What Is the Difference Between ELSS and SIP?

Oct 20, 2018 6:00 IST 4542 views

An equity-linked savings scheme (ELSS) is a tax saving mutual fund. It is a fund in which you can invest like in the case of any other mutual fund. The only difference is that these funds are subjected to a lock-in period of 3 years and offer tax exemption under Section 80C of the Income Tax Act. As a result, when you invest in an ELSS you get a tax exemption to the extent of 30% (depending on your tax bracket) and that reduces your effective cost of acquisition. This further enhances your returns.

Key Features of an ELSS Fund
Some of the key features of an ELSS fund are as under:

  • It is an equity fund that invests predominantly in equities and has a compulsory lock-in period of 3 years from the date of the purchase.
  • An ELSS fund needs to be structured in such a way that it fits into your overall financial plan. So you need to make your financial plan first and then work backward and decide upon the amount of investments to make in ELSS.
  • ELSS has an advantage in the sense that the lock-in period actually incentivizes the fund manager to take a long-term approach to invest in the stock market since the pressure of redemptions is not too much. This works in favour of the investor.
  • ELSS entails a lock-in from the date of the investment. Whether you invest in lump-sum or in tranches, the lock-in calculation will start from the date of investment. The fund units are free to sell after the completion of 3 years.
  • Currently, the ELSS fund has to necessarily be an equity fund and funds that invest in debt securities do not qualify as ELSS funds. In fact, an ELSS fund has to be a pure equity fund and cannot even be a hybrid fund or a balanced fund.
  • ELSS funds are best suited for young taxpayers who need to combine tax saving with wealth creation. Also, since they are young, their risk appetite is much higher and this risk appetite progressively comes down with time.

Understanding the Key Features of a SIP
In fact, comparing an ELSS with a SIP is almost like comparing apples and oranges. A systematic investment plan (SIP) is a phased approach to investing which combines the best of price averaging and volatility buying. Here is how:

  • In a SIP, a fixed sum is allocated to a fund on a regular basis. This SIP can be monthly, quarterly or even 6-monthly. The SIP just allocates a fixed sum on a particular date into a fund.
  • SIPs offer you the benefit of rupee cost averaging (RCA). How does RCA work in practice? In SIP, you allocate a fixed sum of money each month. Markets are, by definition, volatile and therefore you get the best of market volatility. When the markets are up you get more value and when the markets are down you get more units. In the process, your cost of acquiring units ends up lower than lump-sum investment.
  • SIP works best when you start investing in a volatile market and then see the market trending upwards. If the markets were only bullish, then the SIP may not be of much help, but that is not the way markets move in reality. That is why the market volatility always favours the SIP investor.
  • The biggest advantage of a SIP is that it synchronizes your inflows with your outflows. Thus saving and investing becomes more of a discipline in the case of SIP. The real value addition comes when you fix your SIP target first and then adjust your budgets accordingly. That is the kind of discipline and commitment that SIP brings into your portfolio.

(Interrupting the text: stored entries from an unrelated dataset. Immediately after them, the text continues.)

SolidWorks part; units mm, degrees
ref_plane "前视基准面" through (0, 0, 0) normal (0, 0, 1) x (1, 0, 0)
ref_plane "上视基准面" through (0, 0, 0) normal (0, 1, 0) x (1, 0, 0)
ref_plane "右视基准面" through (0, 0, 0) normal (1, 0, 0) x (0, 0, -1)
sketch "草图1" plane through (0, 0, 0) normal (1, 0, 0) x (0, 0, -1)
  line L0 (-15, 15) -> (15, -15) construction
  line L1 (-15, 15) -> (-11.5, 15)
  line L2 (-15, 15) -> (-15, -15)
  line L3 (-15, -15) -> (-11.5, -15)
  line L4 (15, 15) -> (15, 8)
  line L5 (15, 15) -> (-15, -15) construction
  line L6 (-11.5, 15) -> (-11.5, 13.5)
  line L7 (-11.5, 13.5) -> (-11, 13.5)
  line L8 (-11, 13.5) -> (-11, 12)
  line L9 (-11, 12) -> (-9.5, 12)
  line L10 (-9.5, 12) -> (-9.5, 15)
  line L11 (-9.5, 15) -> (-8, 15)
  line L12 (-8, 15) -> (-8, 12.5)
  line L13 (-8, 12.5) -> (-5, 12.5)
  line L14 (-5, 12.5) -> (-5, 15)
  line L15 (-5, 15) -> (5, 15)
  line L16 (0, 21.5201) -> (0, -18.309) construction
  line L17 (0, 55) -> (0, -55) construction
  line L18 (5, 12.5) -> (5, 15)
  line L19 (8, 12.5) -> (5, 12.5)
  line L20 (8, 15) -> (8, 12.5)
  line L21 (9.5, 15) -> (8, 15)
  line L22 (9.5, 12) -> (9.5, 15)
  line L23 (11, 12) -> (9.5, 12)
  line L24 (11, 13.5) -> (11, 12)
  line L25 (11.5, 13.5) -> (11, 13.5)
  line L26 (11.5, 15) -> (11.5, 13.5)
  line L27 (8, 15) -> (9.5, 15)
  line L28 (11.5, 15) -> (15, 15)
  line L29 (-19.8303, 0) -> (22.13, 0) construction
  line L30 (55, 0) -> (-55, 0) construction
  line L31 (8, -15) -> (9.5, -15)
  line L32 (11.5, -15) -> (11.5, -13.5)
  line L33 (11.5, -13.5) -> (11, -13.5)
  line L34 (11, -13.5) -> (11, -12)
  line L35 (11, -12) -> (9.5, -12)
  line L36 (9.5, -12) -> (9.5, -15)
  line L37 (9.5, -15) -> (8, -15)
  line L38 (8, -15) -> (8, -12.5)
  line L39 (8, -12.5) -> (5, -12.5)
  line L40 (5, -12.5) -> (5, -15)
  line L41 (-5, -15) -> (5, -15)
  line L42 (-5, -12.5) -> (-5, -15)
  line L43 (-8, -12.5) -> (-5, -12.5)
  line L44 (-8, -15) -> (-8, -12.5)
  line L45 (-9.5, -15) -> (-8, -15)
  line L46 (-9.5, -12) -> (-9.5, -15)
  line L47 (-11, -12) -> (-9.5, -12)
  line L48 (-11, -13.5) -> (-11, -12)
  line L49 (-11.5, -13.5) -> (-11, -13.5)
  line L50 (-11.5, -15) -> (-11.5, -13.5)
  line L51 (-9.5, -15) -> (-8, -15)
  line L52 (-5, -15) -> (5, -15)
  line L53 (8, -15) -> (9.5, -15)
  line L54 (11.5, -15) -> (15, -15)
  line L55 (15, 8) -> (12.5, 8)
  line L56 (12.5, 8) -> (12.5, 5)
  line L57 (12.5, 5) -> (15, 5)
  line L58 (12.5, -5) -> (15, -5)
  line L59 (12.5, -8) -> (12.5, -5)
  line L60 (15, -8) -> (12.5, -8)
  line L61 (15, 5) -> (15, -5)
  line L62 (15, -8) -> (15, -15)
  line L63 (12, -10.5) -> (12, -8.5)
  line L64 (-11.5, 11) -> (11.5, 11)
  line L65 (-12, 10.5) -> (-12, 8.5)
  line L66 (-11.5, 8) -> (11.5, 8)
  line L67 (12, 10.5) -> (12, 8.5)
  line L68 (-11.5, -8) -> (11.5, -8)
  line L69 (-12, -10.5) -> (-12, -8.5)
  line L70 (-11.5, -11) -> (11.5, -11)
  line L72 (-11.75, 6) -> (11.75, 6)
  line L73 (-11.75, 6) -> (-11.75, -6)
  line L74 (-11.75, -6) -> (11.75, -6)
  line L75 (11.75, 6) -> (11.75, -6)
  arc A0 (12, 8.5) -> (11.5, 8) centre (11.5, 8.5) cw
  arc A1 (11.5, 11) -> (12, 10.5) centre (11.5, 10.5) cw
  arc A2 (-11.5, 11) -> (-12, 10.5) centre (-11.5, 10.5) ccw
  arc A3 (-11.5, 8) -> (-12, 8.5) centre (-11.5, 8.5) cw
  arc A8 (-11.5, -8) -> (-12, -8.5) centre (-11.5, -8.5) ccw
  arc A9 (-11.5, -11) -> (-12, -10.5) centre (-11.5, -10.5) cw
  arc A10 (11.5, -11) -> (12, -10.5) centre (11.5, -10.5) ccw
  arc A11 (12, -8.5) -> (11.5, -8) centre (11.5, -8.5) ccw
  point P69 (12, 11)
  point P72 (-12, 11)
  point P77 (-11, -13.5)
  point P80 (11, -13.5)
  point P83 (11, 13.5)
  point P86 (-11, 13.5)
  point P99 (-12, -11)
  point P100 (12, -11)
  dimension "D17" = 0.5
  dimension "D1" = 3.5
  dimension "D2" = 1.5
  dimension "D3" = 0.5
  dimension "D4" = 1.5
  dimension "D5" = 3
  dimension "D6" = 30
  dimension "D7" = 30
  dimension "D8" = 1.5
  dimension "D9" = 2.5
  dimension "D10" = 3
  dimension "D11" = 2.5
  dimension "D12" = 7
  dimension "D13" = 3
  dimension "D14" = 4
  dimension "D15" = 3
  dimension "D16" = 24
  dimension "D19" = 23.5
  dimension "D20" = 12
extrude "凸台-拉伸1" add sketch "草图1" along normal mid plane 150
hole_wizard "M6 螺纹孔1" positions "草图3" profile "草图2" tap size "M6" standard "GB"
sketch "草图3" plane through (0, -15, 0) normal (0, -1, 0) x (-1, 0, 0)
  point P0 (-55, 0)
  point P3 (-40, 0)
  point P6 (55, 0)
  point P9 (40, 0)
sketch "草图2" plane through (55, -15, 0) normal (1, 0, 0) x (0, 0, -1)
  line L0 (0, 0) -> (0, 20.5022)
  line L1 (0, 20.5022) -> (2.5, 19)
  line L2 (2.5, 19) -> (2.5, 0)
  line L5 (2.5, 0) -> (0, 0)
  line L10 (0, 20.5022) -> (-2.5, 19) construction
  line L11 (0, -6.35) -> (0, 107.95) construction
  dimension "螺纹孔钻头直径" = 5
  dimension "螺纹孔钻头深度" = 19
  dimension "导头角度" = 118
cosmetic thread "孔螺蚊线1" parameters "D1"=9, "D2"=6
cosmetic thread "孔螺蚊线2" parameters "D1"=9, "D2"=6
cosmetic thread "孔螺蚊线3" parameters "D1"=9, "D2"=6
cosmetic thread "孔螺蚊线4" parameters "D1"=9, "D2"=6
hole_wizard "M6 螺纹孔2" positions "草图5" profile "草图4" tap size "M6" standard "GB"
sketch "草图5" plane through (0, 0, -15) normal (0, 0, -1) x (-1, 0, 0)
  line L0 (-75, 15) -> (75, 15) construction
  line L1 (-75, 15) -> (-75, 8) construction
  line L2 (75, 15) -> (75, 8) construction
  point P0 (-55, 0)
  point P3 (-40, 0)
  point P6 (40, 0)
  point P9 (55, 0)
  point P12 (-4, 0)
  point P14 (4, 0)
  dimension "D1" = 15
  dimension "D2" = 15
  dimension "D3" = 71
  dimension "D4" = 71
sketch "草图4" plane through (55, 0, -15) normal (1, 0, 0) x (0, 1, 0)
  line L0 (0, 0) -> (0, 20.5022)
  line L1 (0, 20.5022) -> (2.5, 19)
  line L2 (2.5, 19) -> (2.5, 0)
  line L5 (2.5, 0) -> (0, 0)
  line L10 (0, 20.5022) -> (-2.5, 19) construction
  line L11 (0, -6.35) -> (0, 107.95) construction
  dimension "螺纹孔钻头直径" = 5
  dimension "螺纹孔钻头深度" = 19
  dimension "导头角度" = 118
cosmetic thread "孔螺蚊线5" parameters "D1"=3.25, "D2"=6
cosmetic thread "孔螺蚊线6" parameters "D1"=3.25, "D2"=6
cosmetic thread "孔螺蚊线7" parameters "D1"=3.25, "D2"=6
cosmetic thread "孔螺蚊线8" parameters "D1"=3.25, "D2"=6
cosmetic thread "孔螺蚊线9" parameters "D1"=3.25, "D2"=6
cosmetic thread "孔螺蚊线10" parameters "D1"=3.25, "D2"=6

How about Combining the Benefits of SIP and ELSS
ELSS is a product and SIP is a process. When you combine a product with a process you get a solution. That is what you need to do. You must save tax through ELSS by opting for the SIP approach. This will be beneficial in three ways. Firstly, the rupee cost averaging will work in your favour and further enhance the returns on your ELSS fund. Secondly, SIP will make tax-saving a discipline and you do not have to worry about arranging funds in the last quarter. Lastly, the SIP outflow synchronizes with your inflows and thus you are able to better fit your ELSS investment into your long-term financial plan. The answer may actually be to combine ELSS as a product and SIP as a process.